It's odd to have a retrospective for a first album and it's several times more odd to have a retrospective for an artist that most people probably haven't heard of.T hey might have heard a track and didn't know who made it but ut more likely, and perhaps more importantly, they probably have heard of and listen to artists who have been influenced by the work of that unknown artist putting out a retrospective.
When Steinski and his partner Double Dee teamed up to create their first cut-and-paste hip hop masterpiece, "The Payoff Mix", they weren't aware that it would be circulated and bootlegged the world over, or that it would become one of the godfather tracks for much of the mashup culture around today. No, they just wanted an excuse to work on music, use their extensive record collection, and maybe win this Tommy Boy remix contest thing. Fortunately, they did win, or the face of hip hop might have been markedly different.
It's true that DJ culture was already alive and thriving by the early '80s but while most DJs at the time were using their talents to augment live performances, the collage artists were buried in the studios making brand new music. Matching up and collaging vast stores of vinyl, they ushered in the era of A.D.D. hyper mixtapes: new creations compiled from history. Double Dee and Steinski - and later just Steinski on his own - were a shade different in the fact that they weren't really DJs. They were just music lovers with vast record collections, encyclopedic knowledge of musical and non-musical source material, access to a studio and a desire to see what they could do with all of that.
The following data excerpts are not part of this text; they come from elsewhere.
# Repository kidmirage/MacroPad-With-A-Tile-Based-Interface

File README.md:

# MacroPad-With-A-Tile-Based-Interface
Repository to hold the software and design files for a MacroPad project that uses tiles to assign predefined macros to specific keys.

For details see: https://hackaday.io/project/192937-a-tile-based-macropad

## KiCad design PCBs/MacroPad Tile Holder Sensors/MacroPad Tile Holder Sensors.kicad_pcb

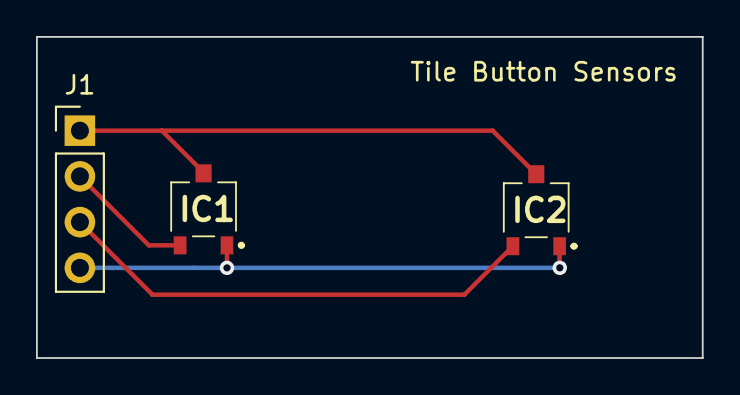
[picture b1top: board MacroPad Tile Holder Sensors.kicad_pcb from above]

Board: 2 copper layers, 37.0 x 17.8 mm, 3 parts (0 on the bottom side), 4 nets.

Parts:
IC1, IC2: EQ430L
J1: Conn_01x04; PinHeader_1x04_P2.54mm_Vertical

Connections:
unnamed: IC1.2 (GND), IC2.2 (GND), J1.GND (Pin_1)
unnamed: IC1.3 (OUT), J1.S1 (Pin_2)
unnamed: IC1.1 (VCC), IC2.1 (VCC), J1.VCC (Pin_4)
unnamed: IC2.3 (OUT), J1.S2 (Pin_3)

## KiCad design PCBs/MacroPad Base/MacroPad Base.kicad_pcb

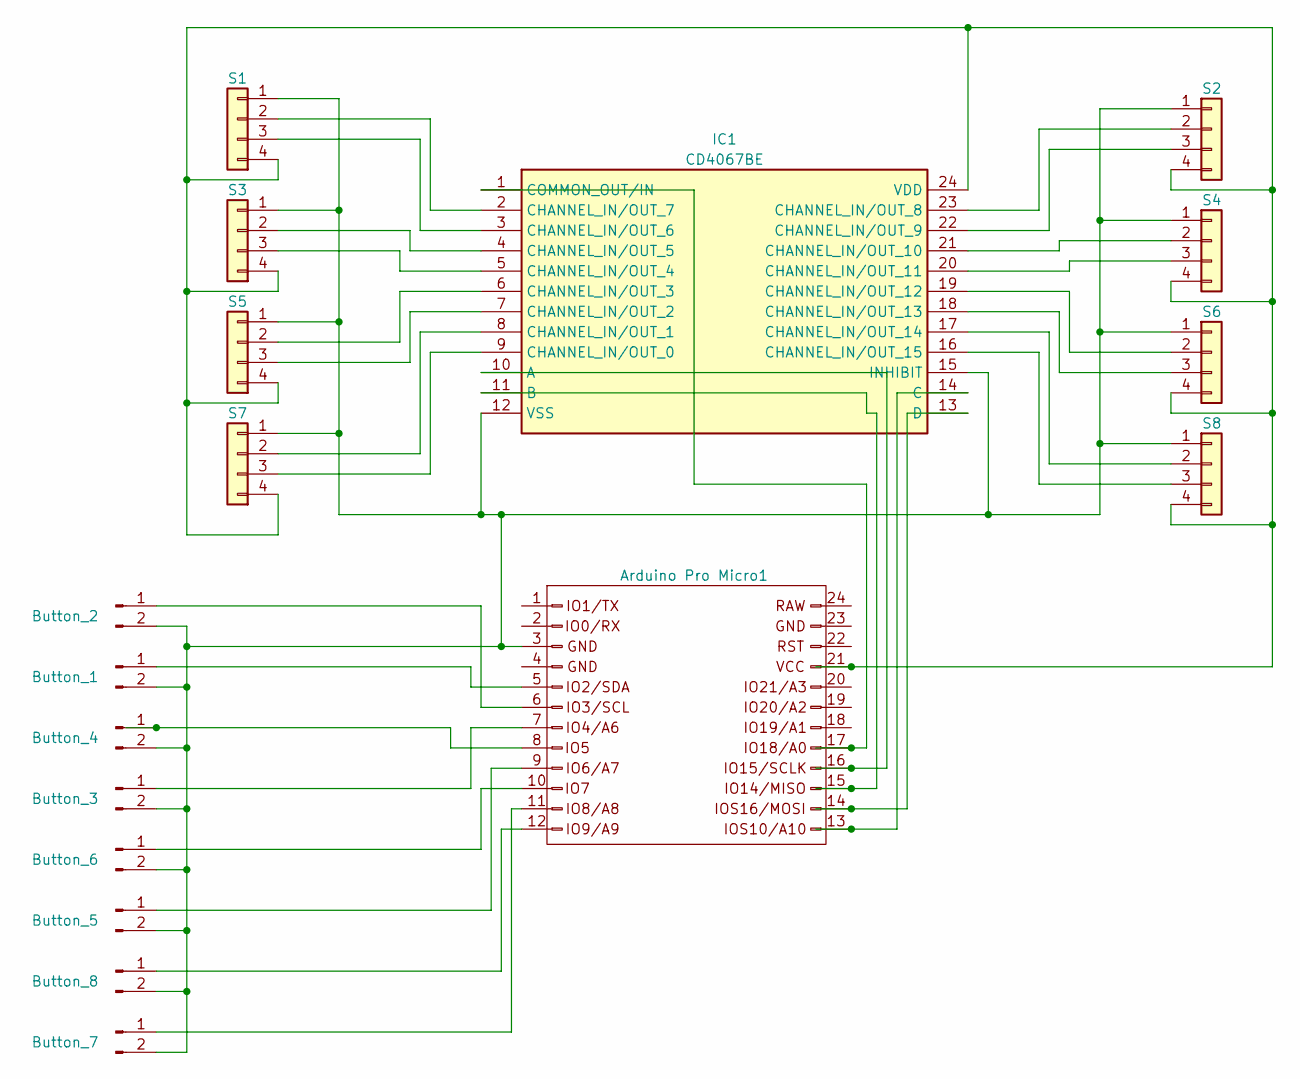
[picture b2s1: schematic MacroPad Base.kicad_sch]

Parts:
Arduino Pro Micro1: Conn_02x12_Counter_Clockwise; DIP-24_W15.24mm
IC1: CD4067BE; DIP1542W56P254L3175H491Q24N; Manufacturer_Part_Number CD4067BE; Mouser Part Number 595-CD4067BE
J1: S3; PinHeader_1x04_P2.54mm_Vertical
J2: Button_2; Key_MX
J3: Button_1; Key_MX
J4: Button_4; Key_MX
J5: Button_3; Key_MX
J6: Button_6; Key_MX
J7: Button_5; Key_MX
J8: Button_8; Key_MX
J9: Button_7; Key_MX
J10: S5; PinHeader_1x04_P2.54mm_Vertical
J11: S7; PinHeader_1x04_P2.54mm_Vertical
J12: S2; PinHeader_1x04_P2.54mm_Vertical
J13: S1; PinHeader_1x04_P2.54mm_Vertical
J14: S4; PinHeader_1x04_P2.54mm_Vertical
J15: S6; PinHeader_1x04_P2.54mm_Vertical
J16: S8; PinHeader_1x04_P2.54mm_Vertical

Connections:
unnamed: Arduino Pro Micro1.3, IC1.12 (VSS), IC1.15 (INHIBIT), J1.1 (Pin_4), J2.2, J3.2, J4.2, J5.2, J6.2, J7.2, J8.2, J9.2, J10.1 (Pin_4), J11.1 (Pin_4), J12.1, J13.1 (Pin_4), J14.1, J15.1, J16.1
unnamed: Arduino Pro Micro1.5, J3.1
unnamed: Arduino Pro Micro1.6, J2.1
unnamed: Arduino Pro Micro1.7, J5.1
unnamed: Arduino Pro Micro1.8, J4.1
unnamed: Arduino Pro Micro1.9, J7.1
unnamed: Arduino Pro Micro1.10, J6.1
unnamed: Arduino Pro Micro1.11, J9.1
unnamed: Arduino Pro Micro1.12, J8.1
unnamed: Arduino Pro Micro1.13, IC1.14 (C)
unnamed: Arduino Pro Micro1.14, IC1.13 (D)
unnamed: Arduino Pro Micro1.15, IC1.11 (B)
unnamed: Arduino Pro Micro1.16, IC1.10 (A)
unnamed: Arduino Pro Micro1.17, IC1.1 (COMMON_OUT/IN)
unnamed: Arduino Pro Micro1.21, IC1.24 (VDD), J1.4 (Pin_1), J10.4 (Pin_1), J11.4 (Pin_1), J12.4, J13.4 (Pin_1), J14.4, J15.4, J16.4
unnamed: IC1.9 (CHANNEL_IN/OUT_0), J11.3 (Pin_2)
unnamed: IC1.8 (CHANNEL_IN/OUT_1), J11.2 (Pin_3)
unnamed: IC1.7 (CHANNEL_IN/OUT_2), J10.3 (Pin_2)
unnamed: IC1.6 (CHANNEL_IN/OUT_3), J10.2 (Pin_3)
unnamed: IC1.5 (CHANNEL_IN/OUT_4), J1.3 (Pin_2)
unnamed: IC1.4 (CHANNEL_IN/OUT_5), J1.2 (Pin_3)
unnamed: IC1.3 (CHANNEL_IN/OUT_6), J13.3 (Pin_2)
unnamed: IC1.2 (CHANNEL_IN/OUT_7), J13.2 (Pin_3)
unnamed: IC1.23 (CHANNEL_IN/OUT_8), J12.2
unnamed: IC1.22 (CHANNEL_IN/OUT_9), J12.3
unnamed: IC1.21 (CHANNEL_IN/OUT_10), J14.2
unnamed: IC1.20 (CHANNEL_IN/OUT_11), J14.3
unnamed: IC1.19 (CHANNEL_IN/OUT_12), J15.2
unnamed: IC1.18 (CHANNEL_IN/OUT_13), J15.3
unnamed: IC1.17 (CHANNEL_IN/OUT_14), J16.2
unnamed: IC1.16 (CHANNEL_IN/OUT_15), J16.3

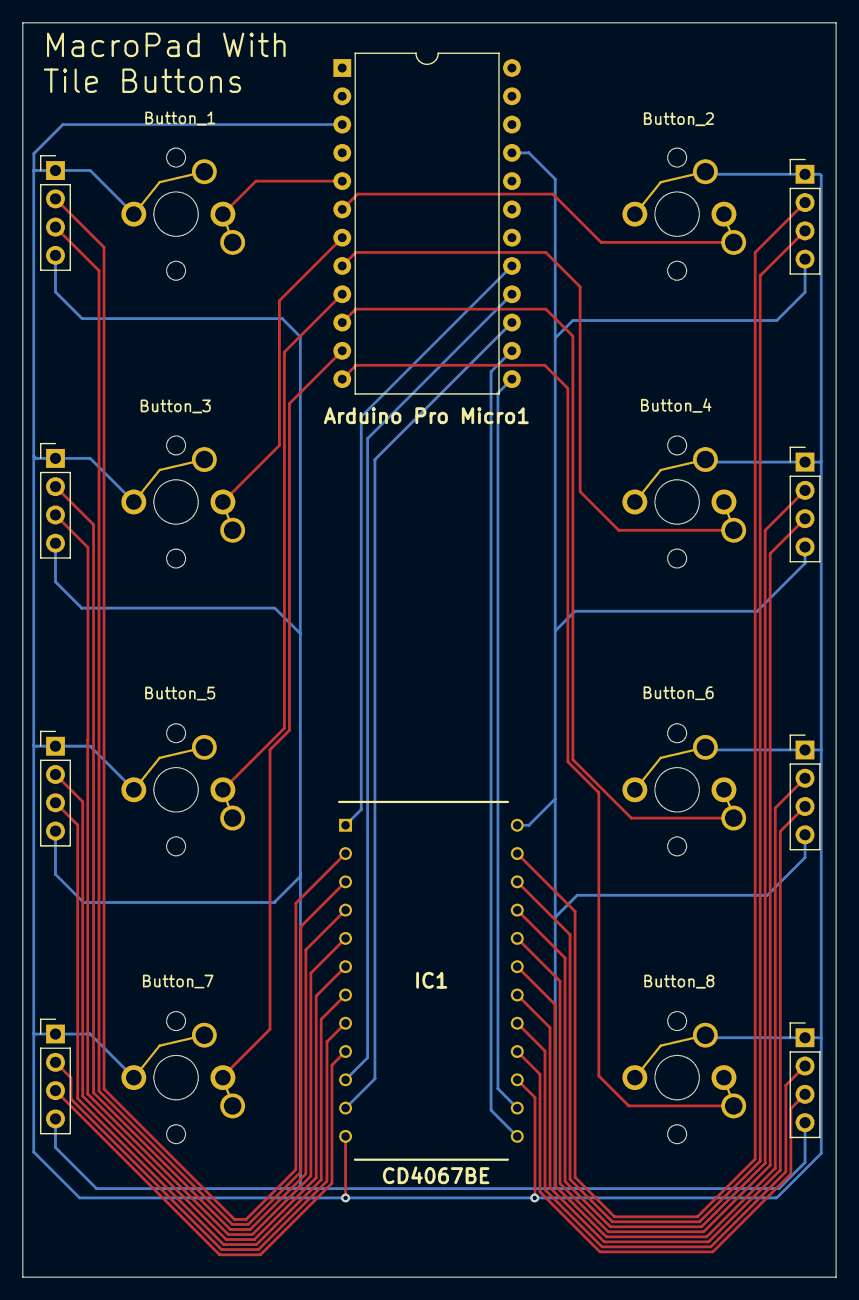
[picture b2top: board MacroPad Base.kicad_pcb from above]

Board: 2 copper layers, 73.0 x 112.7 mm, 18 parts (0 on the bottom side), 31 nets.

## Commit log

2023-10-02 Update README.md
    Added link to Hachaday project.
2023-10-02 Create MacroPad.ino
    First version of the MacroPad firmware.
2023-10-03 Update MacroPad.ino
    Switched from the Keyboard library to the HID-Project library for keyboard support.
2023-10-03 Update MacroPad.ino
    Added comments around macro creation.
2023-10-03 Update MacroPad.ino
    Tweaked comments.
2023-10-03 Update MacroPad.ino
    Fixed missing code.
2023-10-04 Update MacroPad.ino
    Added auto repeat for macro keys.
2023-10-04 Update MacroPad.ino
    Auto repeat start after 2 seconds.
2023-10-05 Update MacroPad.ino
    Better tile selection code.
2023-10-05 Create Calibrate_MacroPad
    Initial version of the Calibrate_MacroPad sketch.
2023-10-05 Create test
2023-10-05 Add files via upload
    Added the model files used to create the MacroPad.
2023-10-05 Delete models/test
    Cleanup.
2023-10-05 Rename Calibrate_MacroPad to Calibrate_MacroPad.ino
    Added extension.
2023-10-20 Add files via upload
    Calibrate for the MacroPad with Tile Buttons.
2023-10-20 Add files via upload
    Firmware for the MacroPad With Tile Buttons. Slightly different than the other macropad because the wiring is different.
2023-10-20 Delete models/Tile Tops.3mf
    Replacing with updated models.
2023-10-20 Delete models directory
    Replacing with updated models.
2023-10-20 Create models
    Create models folder.
2023-10-20 Rename models to test
2023-10-20 Add files via upload
    Updated with latest models.
2023-10-25 Add files via upload
    Added PCBs for MacroPad 3.

What Does It All Mean: 1983-2006 Retrospective is the long overdue collection of those experiments. It starts with the collaborations between Double Dee and Steinski. The first three are the official Lesson mixes - "The Payoff Mix", "Lesson 2 (James Brown Mix)", and "Lesson 3 (History of Hip Hop)" - and should be required listening for anyone even remotely interested in hip hop culture. The tracks "Jazz" and "Voice Mail (Sugar Hill Suite)" are basically lesser heard mixes in the same Lesson style, the latter using the Sugar Hill Records archive as its source material.
From there, the retrospective shifts to Steinski's solo efforts and collaborations with other artists. Although in a similar vein to the tracks made with Double Dee, many of the solo tracks tend to have a more singular and less frantically sampled ethos to them. "The Motorcade Sped On" is about the Kennedy assassination. "Number Three On Flight Eleven" is about 9/11. And "I'm Wild About That Thing" is about... well, sex. The quote-heavy tracks which also tend to be politically bent, including "It's Up To You (Television Mix)", are the least successful, as they sacrifice style and music for a forced message. But most of the other tracks are exquisitely built, and frequently showcase some expert turntablism.